--- SUPPLIED DATA ---

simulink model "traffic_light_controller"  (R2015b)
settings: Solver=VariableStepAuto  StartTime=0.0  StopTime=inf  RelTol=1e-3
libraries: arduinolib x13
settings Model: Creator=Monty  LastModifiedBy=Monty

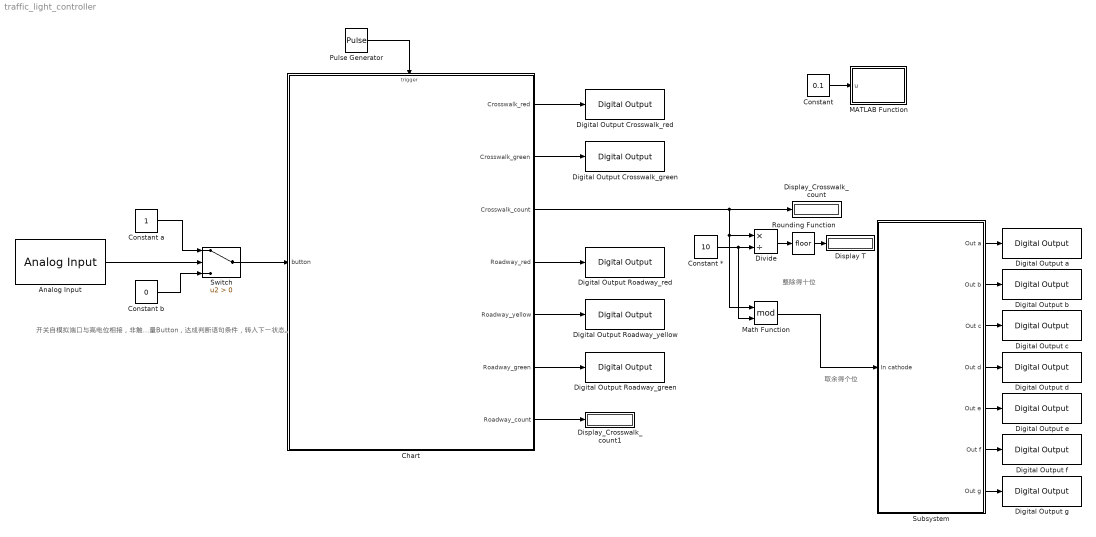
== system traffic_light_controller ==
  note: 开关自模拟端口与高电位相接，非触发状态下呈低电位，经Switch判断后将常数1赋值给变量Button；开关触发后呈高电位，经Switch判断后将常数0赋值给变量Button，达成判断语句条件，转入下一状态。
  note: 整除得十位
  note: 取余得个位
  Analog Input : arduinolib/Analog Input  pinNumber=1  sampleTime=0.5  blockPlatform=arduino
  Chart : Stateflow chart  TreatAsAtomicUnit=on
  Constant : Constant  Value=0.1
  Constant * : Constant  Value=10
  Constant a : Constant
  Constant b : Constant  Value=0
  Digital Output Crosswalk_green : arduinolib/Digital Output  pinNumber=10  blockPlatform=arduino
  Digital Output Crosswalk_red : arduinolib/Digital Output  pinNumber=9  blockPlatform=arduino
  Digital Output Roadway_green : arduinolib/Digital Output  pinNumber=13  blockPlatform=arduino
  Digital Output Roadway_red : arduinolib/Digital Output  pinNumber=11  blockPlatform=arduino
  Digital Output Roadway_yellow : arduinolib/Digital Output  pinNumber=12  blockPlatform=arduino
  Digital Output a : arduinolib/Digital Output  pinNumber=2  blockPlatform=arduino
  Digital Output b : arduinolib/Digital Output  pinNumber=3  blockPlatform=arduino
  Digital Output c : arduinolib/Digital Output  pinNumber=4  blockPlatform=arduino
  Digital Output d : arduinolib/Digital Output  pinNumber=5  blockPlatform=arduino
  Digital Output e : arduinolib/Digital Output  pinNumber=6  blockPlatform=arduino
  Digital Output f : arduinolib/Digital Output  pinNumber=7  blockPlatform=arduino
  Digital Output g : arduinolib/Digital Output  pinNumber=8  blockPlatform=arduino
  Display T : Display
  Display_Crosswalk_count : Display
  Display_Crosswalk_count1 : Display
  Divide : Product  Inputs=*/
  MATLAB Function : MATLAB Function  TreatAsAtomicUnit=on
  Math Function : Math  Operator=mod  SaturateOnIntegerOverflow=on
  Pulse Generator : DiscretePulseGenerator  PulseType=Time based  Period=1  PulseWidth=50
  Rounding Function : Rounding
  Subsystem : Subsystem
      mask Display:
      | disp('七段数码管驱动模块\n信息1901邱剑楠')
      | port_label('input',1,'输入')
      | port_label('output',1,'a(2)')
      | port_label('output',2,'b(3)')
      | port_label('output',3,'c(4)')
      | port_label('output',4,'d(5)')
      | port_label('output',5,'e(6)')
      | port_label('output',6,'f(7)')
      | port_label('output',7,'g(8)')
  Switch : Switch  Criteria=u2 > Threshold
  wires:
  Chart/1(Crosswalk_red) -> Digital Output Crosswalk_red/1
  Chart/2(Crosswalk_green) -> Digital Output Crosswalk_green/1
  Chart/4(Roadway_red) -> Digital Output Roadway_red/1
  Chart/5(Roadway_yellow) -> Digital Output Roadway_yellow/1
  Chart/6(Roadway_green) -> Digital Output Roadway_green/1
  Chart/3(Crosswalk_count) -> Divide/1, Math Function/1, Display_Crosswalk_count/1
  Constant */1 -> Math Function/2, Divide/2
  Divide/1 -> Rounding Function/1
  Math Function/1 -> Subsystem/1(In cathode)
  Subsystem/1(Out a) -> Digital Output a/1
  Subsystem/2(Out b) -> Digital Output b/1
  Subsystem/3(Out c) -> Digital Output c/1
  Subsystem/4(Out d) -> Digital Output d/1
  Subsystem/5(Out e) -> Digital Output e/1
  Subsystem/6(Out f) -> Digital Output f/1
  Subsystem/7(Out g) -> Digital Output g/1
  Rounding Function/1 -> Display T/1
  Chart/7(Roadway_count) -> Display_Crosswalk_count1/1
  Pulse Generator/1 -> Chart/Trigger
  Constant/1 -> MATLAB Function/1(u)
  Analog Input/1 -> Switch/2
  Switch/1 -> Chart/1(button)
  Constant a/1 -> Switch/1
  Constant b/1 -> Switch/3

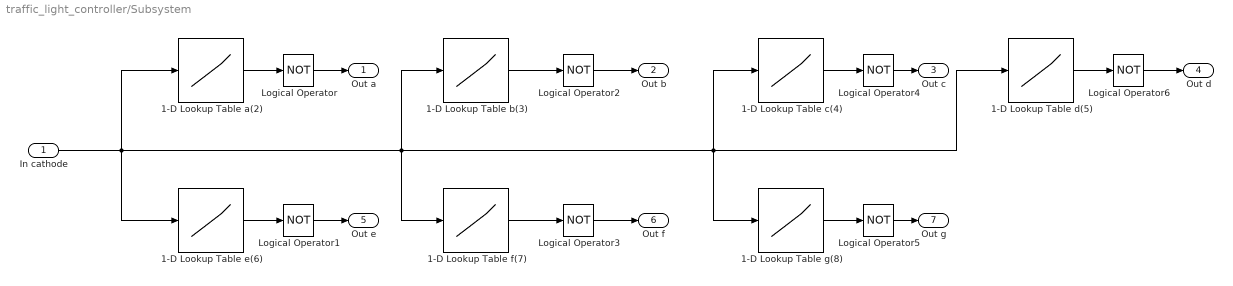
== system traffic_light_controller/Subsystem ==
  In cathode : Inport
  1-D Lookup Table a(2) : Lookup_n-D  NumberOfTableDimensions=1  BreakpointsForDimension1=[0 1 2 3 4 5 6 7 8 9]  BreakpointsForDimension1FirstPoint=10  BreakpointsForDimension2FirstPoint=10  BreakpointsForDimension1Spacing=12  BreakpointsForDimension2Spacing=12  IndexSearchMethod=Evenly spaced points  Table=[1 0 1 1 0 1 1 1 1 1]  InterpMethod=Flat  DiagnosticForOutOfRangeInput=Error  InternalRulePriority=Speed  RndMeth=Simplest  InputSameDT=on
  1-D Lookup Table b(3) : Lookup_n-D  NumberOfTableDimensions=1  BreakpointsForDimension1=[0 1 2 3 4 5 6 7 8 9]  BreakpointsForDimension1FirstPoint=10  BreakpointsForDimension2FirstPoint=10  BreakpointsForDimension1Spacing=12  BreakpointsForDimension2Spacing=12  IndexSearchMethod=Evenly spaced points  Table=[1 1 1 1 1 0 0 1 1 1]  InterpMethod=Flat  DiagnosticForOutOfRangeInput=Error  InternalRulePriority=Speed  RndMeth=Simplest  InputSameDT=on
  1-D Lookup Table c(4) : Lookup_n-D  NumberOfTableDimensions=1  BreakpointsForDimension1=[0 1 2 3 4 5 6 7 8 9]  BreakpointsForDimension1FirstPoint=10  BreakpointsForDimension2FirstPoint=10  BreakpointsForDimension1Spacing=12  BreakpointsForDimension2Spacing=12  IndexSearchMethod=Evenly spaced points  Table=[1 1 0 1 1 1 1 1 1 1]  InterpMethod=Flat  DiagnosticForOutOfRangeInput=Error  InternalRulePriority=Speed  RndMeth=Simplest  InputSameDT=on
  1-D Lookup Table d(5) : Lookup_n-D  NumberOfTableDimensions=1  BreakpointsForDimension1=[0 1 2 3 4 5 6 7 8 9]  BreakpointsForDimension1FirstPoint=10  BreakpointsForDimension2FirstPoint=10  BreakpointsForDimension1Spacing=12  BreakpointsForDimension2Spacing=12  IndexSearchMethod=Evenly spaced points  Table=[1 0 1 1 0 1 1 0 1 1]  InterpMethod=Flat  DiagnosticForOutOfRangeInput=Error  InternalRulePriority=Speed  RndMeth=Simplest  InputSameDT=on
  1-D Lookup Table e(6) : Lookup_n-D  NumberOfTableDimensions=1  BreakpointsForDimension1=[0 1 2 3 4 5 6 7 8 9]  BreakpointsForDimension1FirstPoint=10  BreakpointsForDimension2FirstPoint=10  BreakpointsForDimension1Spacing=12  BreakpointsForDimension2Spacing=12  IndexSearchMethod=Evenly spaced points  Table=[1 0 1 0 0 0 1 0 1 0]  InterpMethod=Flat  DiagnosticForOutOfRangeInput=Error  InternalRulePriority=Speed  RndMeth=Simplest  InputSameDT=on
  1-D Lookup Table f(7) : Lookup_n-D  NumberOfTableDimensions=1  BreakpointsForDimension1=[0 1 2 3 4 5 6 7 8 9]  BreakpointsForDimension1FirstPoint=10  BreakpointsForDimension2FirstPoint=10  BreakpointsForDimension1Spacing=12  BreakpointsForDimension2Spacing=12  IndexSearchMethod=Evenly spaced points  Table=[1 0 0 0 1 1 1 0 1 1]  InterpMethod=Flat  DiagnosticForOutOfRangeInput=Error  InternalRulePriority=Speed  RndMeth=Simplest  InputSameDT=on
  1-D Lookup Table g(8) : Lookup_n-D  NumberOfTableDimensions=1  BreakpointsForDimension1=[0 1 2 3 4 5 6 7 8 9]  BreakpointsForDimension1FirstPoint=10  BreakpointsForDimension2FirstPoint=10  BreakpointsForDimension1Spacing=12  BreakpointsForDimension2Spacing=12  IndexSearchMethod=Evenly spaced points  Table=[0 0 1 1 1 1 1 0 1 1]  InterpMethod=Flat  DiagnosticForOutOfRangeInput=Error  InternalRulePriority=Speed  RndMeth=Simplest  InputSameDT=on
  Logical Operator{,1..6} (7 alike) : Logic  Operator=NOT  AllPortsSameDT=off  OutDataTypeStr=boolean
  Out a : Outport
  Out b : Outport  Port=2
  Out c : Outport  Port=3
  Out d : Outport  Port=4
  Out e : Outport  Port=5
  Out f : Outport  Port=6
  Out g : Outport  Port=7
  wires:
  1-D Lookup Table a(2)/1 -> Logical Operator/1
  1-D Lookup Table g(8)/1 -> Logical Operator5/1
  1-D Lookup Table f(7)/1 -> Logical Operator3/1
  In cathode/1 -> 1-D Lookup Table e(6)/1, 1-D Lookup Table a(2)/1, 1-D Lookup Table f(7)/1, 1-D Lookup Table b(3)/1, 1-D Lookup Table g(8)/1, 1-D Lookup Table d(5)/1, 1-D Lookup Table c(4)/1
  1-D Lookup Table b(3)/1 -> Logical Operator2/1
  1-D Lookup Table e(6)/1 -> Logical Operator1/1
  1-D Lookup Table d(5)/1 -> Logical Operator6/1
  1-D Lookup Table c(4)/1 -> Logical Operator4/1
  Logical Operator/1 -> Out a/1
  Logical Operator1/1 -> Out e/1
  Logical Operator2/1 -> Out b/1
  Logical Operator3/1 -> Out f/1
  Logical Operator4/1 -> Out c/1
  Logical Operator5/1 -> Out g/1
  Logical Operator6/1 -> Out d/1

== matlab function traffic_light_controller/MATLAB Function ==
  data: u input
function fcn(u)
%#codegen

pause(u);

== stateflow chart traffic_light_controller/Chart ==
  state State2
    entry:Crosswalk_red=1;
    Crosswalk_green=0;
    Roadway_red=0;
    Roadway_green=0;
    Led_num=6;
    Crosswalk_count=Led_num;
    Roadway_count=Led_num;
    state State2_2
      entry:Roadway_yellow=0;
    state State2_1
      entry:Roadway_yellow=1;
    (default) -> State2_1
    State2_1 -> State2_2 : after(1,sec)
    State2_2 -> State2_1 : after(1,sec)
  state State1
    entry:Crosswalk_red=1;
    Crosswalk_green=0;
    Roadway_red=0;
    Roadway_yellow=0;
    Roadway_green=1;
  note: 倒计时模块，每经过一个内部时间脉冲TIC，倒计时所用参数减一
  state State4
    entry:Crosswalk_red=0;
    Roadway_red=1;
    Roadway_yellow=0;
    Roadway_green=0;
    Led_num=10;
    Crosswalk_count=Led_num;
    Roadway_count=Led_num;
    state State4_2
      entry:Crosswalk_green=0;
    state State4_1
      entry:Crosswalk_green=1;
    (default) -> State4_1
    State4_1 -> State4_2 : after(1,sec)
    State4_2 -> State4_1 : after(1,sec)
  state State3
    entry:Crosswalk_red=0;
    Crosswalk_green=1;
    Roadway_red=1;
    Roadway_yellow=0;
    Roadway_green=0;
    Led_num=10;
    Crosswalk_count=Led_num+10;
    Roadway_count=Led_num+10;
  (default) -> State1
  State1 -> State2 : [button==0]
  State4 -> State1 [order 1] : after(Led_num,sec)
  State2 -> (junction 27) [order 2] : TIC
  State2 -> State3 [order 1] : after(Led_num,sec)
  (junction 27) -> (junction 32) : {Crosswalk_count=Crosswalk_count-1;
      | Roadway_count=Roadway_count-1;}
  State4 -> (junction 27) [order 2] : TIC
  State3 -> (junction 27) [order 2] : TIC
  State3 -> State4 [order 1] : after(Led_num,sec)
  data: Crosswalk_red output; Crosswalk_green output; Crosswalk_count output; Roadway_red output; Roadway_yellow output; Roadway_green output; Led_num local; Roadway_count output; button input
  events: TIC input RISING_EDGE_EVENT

---

**WHAT TO WORK ON**
In the records above, return precisely the line containing "state State3" and each line that comes after it, up to the final one.

**ANSWER SECTION**
  state State3
    entry:Crosswalk_red=0;
    Crosswalk_green=1;
    Roadway_red=1;
    Roadway_yellow=0;
    Roadway_green=0;
    Led_num=10;
    Crosswalk_count=Led_num+10;
    Roadway_count=Led_num+10;
  (default) -> State1
  State1 -> State2 : [button==0]
  State4 -> State1 [order 1] : after(Led_num,sec)
  State2 -> (junction 27) [order 2] : TIC
  State2 -> State3 [order 1] : after(Led_num,sec)
  (junction 27) -> (junction 32) : {Crosswalk_count=Crosswalk_count-1;
      | Roadway_count=Roadway_count-1;}
  State4 -> (junction 27) [order 2] : TIC
  State3 -> (junction 27) [order 2] : TIC
  State3 -> State4 [order 1] : after(Led_num,sec)
  data: Crosswalk_red output; Crosswalk_green output; Crosswalk_count output; Roadway_red output; Roadway_yellow output; Roadway_green output; Led_num local; Roadway_count output; button input
  events: TIC input RISING_EDGE_EVENT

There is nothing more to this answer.